Friday, November 19, 2004

Supreme Court Scolds Texas Criminal Court

My final installment on divorce is coming -- probably this weekend. In the meantime, I want to begin to make good on our promise that this blog would provide a social gospel perspective on law.

Earlier this week the Supreme Court overturned the death sentence of a Texas man. The sentence had been affirmed by Texas's highest criminal court -- The Texas Court of Criminal Appeals. The defendant's sentence was based on an unfair jury instruction (which didn't allow the jury to adequately consider "mitigating factors") that the Supreme Court has repeatedly found unconstitutional. In fact, the law was so clear and the defendant's sentencing hearing so clearly unfair, that our moderate Supreme Court (actually conservative on criminal justice issues) decided the case in the inmates favor without even hearing oral arguments on the issue - scolding the Texas Court for its insubordination in permitting a jury instruction which the Supreme Court has "unequivocally rejected."

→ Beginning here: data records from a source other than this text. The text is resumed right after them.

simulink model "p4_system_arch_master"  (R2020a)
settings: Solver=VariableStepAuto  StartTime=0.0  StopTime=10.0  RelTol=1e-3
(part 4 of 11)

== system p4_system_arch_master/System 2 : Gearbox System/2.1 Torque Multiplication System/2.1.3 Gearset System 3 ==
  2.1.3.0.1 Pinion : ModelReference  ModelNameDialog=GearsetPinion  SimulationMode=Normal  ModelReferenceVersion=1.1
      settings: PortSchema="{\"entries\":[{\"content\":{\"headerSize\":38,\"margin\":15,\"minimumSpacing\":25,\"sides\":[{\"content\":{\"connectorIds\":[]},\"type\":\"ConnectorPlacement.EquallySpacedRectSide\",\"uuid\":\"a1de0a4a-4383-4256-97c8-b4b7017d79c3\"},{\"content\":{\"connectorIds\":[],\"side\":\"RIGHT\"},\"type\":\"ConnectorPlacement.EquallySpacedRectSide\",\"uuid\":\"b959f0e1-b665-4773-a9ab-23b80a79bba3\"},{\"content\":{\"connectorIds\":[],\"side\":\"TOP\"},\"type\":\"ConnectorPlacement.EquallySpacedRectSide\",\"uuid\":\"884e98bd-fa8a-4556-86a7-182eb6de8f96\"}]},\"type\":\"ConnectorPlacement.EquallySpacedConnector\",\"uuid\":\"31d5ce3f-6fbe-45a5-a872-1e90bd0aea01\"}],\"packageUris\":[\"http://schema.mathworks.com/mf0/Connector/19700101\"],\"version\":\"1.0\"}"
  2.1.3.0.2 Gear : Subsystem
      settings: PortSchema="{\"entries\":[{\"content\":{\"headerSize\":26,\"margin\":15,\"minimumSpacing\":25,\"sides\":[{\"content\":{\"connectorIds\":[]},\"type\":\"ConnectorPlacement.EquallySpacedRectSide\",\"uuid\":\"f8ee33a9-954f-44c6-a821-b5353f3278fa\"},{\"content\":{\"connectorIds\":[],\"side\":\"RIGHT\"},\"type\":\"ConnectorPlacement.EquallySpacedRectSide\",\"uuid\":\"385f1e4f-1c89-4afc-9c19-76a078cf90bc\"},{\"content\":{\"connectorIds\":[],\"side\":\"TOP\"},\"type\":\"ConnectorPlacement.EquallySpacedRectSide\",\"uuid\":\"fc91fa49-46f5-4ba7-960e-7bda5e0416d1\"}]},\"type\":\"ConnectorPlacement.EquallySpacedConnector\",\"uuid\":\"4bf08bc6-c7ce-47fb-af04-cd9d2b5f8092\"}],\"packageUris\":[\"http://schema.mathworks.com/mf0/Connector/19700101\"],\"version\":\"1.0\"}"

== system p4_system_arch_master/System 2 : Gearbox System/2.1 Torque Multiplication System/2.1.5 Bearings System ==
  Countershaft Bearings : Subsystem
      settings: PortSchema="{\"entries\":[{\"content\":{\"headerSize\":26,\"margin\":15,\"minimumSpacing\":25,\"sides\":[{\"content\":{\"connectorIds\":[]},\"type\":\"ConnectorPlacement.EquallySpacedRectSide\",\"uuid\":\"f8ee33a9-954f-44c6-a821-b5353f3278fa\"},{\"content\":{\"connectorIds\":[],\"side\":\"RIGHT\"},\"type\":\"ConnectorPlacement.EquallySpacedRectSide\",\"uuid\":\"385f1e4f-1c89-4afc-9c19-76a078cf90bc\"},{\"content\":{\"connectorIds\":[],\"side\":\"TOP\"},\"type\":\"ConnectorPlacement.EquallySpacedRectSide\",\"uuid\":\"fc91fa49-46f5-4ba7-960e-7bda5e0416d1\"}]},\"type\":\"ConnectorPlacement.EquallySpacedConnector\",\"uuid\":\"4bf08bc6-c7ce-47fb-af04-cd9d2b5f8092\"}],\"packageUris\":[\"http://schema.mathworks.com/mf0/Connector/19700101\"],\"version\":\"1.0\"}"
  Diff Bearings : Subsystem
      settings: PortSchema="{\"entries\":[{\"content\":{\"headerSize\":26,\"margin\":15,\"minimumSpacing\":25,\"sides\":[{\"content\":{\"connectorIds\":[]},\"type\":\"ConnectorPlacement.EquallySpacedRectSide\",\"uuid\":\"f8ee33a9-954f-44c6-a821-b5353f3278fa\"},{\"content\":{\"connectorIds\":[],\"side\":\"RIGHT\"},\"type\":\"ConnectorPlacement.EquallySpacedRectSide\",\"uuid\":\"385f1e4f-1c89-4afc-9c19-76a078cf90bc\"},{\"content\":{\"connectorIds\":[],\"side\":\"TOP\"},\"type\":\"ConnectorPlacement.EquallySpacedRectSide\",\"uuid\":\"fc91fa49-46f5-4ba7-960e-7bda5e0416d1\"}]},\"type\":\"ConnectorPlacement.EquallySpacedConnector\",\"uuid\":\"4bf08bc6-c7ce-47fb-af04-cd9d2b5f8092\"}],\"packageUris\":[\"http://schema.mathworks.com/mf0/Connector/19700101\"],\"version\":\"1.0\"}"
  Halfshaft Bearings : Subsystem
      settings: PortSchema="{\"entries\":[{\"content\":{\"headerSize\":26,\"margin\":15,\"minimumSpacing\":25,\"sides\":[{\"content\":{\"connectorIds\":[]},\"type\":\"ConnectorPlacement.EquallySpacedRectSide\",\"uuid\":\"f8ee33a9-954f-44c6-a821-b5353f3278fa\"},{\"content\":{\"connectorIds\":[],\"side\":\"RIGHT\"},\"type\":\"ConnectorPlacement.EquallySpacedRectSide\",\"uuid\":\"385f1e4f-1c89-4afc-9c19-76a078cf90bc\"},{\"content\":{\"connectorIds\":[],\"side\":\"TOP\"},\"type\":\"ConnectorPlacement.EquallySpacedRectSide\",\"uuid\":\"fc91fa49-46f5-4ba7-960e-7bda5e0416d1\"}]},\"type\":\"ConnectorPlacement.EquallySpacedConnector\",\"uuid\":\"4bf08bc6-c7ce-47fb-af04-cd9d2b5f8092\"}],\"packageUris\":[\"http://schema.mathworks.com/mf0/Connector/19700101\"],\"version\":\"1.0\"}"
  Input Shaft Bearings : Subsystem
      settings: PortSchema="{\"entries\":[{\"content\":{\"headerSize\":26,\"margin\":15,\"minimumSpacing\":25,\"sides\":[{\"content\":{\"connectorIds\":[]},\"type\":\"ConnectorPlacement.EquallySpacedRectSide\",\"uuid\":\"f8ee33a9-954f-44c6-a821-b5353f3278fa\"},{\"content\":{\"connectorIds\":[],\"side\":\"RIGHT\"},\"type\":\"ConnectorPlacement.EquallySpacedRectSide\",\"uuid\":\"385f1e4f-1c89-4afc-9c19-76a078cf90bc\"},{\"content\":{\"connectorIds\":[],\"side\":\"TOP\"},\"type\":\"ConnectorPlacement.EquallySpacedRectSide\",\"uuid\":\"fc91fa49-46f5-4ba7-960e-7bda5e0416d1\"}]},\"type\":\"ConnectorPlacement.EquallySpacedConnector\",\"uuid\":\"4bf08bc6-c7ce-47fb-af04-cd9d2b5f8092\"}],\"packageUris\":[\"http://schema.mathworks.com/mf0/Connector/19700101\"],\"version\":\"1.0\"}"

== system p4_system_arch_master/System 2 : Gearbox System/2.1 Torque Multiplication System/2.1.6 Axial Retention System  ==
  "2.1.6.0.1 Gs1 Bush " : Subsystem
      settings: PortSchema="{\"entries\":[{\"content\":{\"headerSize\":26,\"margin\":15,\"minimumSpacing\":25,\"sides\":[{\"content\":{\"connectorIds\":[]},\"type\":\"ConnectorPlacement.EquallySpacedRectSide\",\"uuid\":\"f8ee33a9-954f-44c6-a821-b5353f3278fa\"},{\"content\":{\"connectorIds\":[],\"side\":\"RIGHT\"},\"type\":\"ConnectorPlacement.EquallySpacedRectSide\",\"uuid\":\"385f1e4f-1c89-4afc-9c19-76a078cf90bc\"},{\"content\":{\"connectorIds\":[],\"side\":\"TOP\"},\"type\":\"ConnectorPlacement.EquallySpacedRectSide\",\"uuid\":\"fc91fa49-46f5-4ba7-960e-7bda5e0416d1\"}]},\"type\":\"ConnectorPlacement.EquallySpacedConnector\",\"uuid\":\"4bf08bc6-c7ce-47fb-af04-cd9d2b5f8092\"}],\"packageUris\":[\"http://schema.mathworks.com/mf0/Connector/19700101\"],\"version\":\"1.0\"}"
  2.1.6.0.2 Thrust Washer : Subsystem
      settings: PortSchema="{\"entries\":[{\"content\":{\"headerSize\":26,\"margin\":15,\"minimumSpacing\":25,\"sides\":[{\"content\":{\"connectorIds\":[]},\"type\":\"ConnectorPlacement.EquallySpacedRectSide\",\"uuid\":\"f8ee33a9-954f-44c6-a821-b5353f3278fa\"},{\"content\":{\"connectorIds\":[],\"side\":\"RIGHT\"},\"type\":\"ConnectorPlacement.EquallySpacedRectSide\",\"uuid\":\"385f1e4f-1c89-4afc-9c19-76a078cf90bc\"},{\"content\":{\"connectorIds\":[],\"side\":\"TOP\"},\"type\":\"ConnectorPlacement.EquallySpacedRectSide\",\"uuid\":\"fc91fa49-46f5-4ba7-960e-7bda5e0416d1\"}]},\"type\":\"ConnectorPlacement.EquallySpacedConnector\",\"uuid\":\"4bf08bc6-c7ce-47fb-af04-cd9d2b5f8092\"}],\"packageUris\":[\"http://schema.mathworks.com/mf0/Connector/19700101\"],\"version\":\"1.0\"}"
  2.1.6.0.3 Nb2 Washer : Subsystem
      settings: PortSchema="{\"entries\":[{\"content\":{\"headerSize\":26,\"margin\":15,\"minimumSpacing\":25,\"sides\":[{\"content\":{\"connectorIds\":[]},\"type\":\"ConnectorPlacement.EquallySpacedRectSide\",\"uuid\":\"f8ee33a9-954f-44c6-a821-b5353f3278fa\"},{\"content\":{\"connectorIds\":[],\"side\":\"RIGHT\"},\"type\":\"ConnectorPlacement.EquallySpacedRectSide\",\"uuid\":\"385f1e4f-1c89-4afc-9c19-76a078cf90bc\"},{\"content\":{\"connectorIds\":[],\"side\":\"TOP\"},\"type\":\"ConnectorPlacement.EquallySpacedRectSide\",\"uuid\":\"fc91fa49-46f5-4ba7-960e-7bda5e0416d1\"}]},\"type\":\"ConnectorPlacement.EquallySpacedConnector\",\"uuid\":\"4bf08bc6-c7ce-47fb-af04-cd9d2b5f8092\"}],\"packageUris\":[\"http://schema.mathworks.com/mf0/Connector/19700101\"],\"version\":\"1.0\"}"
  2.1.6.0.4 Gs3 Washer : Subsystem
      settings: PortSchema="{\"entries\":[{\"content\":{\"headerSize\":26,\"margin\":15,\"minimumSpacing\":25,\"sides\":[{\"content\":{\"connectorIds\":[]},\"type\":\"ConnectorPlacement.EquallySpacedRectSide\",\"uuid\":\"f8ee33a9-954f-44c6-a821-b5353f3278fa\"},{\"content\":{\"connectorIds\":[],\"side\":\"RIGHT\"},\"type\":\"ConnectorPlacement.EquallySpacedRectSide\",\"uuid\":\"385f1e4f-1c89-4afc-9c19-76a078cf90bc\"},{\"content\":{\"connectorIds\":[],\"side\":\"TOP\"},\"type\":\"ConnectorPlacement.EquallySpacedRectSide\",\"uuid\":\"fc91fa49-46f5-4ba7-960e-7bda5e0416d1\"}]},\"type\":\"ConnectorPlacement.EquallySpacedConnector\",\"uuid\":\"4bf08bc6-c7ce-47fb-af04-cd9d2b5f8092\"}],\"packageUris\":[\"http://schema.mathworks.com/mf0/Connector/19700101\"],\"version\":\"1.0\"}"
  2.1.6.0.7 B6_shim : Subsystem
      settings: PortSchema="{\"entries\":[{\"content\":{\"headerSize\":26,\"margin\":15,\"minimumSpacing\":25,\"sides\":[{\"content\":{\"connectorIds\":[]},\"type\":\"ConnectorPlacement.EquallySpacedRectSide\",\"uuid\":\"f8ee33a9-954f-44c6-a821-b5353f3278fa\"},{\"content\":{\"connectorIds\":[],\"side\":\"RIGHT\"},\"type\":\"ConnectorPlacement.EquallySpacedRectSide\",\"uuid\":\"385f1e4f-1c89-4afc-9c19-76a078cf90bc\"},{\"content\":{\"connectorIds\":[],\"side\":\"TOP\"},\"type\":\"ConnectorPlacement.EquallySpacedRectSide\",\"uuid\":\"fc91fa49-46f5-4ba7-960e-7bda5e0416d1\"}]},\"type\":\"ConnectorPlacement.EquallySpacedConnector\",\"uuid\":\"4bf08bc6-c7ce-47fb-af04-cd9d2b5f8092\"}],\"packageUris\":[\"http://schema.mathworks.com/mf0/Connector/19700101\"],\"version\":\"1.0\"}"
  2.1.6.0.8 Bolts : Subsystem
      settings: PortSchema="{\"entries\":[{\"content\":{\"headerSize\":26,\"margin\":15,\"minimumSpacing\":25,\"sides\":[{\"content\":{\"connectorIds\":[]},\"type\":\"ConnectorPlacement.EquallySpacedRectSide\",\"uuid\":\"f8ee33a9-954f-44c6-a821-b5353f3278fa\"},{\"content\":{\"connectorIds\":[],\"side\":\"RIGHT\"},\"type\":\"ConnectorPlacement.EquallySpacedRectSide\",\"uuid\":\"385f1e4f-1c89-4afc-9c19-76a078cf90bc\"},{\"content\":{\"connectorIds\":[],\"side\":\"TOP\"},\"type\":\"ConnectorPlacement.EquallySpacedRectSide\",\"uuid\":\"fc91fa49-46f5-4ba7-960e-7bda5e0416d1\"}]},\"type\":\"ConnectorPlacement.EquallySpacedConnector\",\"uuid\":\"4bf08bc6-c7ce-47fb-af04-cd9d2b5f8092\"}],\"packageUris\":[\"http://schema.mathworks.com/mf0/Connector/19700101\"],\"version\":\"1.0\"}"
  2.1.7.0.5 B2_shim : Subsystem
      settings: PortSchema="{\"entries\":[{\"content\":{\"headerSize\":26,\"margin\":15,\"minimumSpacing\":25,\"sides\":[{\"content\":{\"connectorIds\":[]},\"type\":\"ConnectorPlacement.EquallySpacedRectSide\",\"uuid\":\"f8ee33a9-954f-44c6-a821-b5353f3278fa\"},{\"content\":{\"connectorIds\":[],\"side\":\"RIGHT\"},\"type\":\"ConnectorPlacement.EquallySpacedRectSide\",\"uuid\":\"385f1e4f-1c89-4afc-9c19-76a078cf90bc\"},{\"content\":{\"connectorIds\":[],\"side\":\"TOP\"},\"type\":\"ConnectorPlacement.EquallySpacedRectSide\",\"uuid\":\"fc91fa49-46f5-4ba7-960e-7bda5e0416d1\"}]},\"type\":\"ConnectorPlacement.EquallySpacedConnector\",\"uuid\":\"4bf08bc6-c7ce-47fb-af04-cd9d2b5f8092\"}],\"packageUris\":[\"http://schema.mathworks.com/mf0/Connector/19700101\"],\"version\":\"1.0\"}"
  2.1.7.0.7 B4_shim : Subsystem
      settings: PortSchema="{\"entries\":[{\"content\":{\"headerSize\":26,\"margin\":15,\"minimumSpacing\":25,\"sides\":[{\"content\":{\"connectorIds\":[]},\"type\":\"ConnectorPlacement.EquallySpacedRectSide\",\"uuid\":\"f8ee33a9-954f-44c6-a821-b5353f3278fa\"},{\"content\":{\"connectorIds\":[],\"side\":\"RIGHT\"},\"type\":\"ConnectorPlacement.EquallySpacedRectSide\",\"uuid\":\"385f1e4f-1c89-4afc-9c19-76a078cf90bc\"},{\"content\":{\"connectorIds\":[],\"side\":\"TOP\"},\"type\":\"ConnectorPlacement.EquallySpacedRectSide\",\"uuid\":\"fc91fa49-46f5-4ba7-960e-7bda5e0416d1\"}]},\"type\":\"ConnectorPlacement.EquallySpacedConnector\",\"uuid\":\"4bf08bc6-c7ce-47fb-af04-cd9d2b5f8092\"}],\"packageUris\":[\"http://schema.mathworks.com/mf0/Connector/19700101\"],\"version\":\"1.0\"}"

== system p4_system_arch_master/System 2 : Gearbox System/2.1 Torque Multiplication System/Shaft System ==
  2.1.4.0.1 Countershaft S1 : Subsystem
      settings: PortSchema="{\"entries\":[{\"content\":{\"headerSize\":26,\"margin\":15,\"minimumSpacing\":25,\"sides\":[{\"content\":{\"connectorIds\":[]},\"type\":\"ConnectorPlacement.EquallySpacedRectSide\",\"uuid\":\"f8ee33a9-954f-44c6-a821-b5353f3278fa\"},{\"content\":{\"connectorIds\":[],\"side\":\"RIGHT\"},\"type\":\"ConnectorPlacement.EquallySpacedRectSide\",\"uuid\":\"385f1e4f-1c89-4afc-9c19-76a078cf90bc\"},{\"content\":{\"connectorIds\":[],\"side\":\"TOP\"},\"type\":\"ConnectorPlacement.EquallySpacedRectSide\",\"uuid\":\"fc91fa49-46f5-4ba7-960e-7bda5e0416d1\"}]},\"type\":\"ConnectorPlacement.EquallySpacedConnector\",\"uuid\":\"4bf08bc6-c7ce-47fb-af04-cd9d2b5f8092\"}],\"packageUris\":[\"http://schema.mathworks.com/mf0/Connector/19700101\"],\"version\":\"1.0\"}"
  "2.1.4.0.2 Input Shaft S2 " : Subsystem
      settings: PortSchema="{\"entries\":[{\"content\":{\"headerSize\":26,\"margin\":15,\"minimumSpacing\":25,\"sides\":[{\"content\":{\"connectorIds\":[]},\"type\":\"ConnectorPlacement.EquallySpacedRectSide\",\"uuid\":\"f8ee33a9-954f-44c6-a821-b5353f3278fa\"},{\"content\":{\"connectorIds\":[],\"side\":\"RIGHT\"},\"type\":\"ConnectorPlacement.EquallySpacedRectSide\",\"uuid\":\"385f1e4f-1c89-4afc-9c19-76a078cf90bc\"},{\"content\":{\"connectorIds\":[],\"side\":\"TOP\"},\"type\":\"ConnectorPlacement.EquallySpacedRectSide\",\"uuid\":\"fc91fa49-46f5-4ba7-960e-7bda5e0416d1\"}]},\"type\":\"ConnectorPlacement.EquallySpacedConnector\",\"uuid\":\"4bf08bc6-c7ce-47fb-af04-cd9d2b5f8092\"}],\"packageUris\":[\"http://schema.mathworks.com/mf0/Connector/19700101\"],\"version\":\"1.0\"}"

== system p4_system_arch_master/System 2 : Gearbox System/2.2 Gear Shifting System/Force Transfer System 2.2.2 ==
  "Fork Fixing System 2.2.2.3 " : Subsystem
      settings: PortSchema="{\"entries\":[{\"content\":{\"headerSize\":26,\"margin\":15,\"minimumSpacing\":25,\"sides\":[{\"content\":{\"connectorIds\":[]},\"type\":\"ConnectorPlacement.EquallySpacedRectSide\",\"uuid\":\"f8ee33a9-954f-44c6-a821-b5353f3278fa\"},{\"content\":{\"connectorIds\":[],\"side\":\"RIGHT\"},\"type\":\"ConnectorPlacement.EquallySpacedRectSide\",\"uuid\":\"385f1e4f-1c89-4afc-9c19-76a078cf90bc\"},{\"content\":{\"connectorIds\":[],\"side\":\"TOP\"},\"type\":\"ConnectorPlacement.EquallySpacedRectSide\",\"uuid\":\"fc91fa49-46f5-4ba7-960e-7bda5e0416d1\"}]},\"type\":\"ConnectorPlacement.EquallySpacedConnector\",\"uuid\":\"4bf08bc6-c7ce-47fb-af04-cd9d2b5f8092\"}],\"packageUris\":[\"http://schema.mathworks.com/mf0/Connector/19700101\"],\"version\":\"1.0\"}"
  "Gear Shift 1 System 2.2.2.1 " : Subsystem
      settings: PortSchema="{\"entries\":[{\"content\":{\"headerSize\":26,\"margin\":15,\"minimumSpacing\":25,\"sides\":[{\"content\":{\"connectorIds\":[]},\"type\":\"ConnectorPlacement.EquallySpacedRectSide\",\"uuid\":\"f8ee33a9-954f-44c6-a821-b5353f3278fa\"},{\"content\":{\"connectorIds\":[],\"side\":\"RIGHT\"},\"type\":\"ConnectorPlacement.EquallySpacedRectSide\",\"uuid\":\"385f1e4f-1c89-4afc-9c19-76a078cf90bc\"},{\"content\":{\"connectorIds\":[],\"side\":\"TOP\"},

The Supreme Court, which only has the time to hear about 100 cases a year, has spent its valuable time having to overturn numerous Texas death sentences in the past few years (last year overturning a conviction from my own home town of Texarkana) -- all the while expressing its frustration with Texas Courts that refuse to apply objectively the law of capital punishment.

What is wrong with the Texas Courts?

The first thing to understand is that the judges on the Texas Court of Criminal Appeals are elected. This means that they must answer to an electorate that is much more concerned with being "tough on crime" with the fairness of criminal trials.

So the question of what's wrong with the Texas Courts is really a question of what's wrong with Texans? Texas judges are just doing what they have to to get elected. Reversing death sentences because someone's trial was unfair is seen as being "soft" on crime. If they want to stay in office, they can't get that image.

Texas boasts one of the most avowedly Christian populations in the nation. I find it unbelievable that such a Christian population is comfortable -- not just with state-sponsored killing -- but with the application of state-sponsored killing without sufficient procedural safeguards to ensure that it is fairly applied to only the guilty and most culpable. Such staunch support for the death penalty, indeed, for its irrational application, can only be explained by a deep demand for social vengeance, a social vengeance which is profoundly inconsistent with Jesus' message of love and redemption.

The Supreme Court of the United States, with its limited resources, can not ensure against irrationality and excessive vengeance in the Texas criminal justice systems. This responsibility falls squarely on the shoulders of Texans, Texas Christians in particular, who elect the state and local judges responsible for assuring that the system of criminal justice lives up to its name.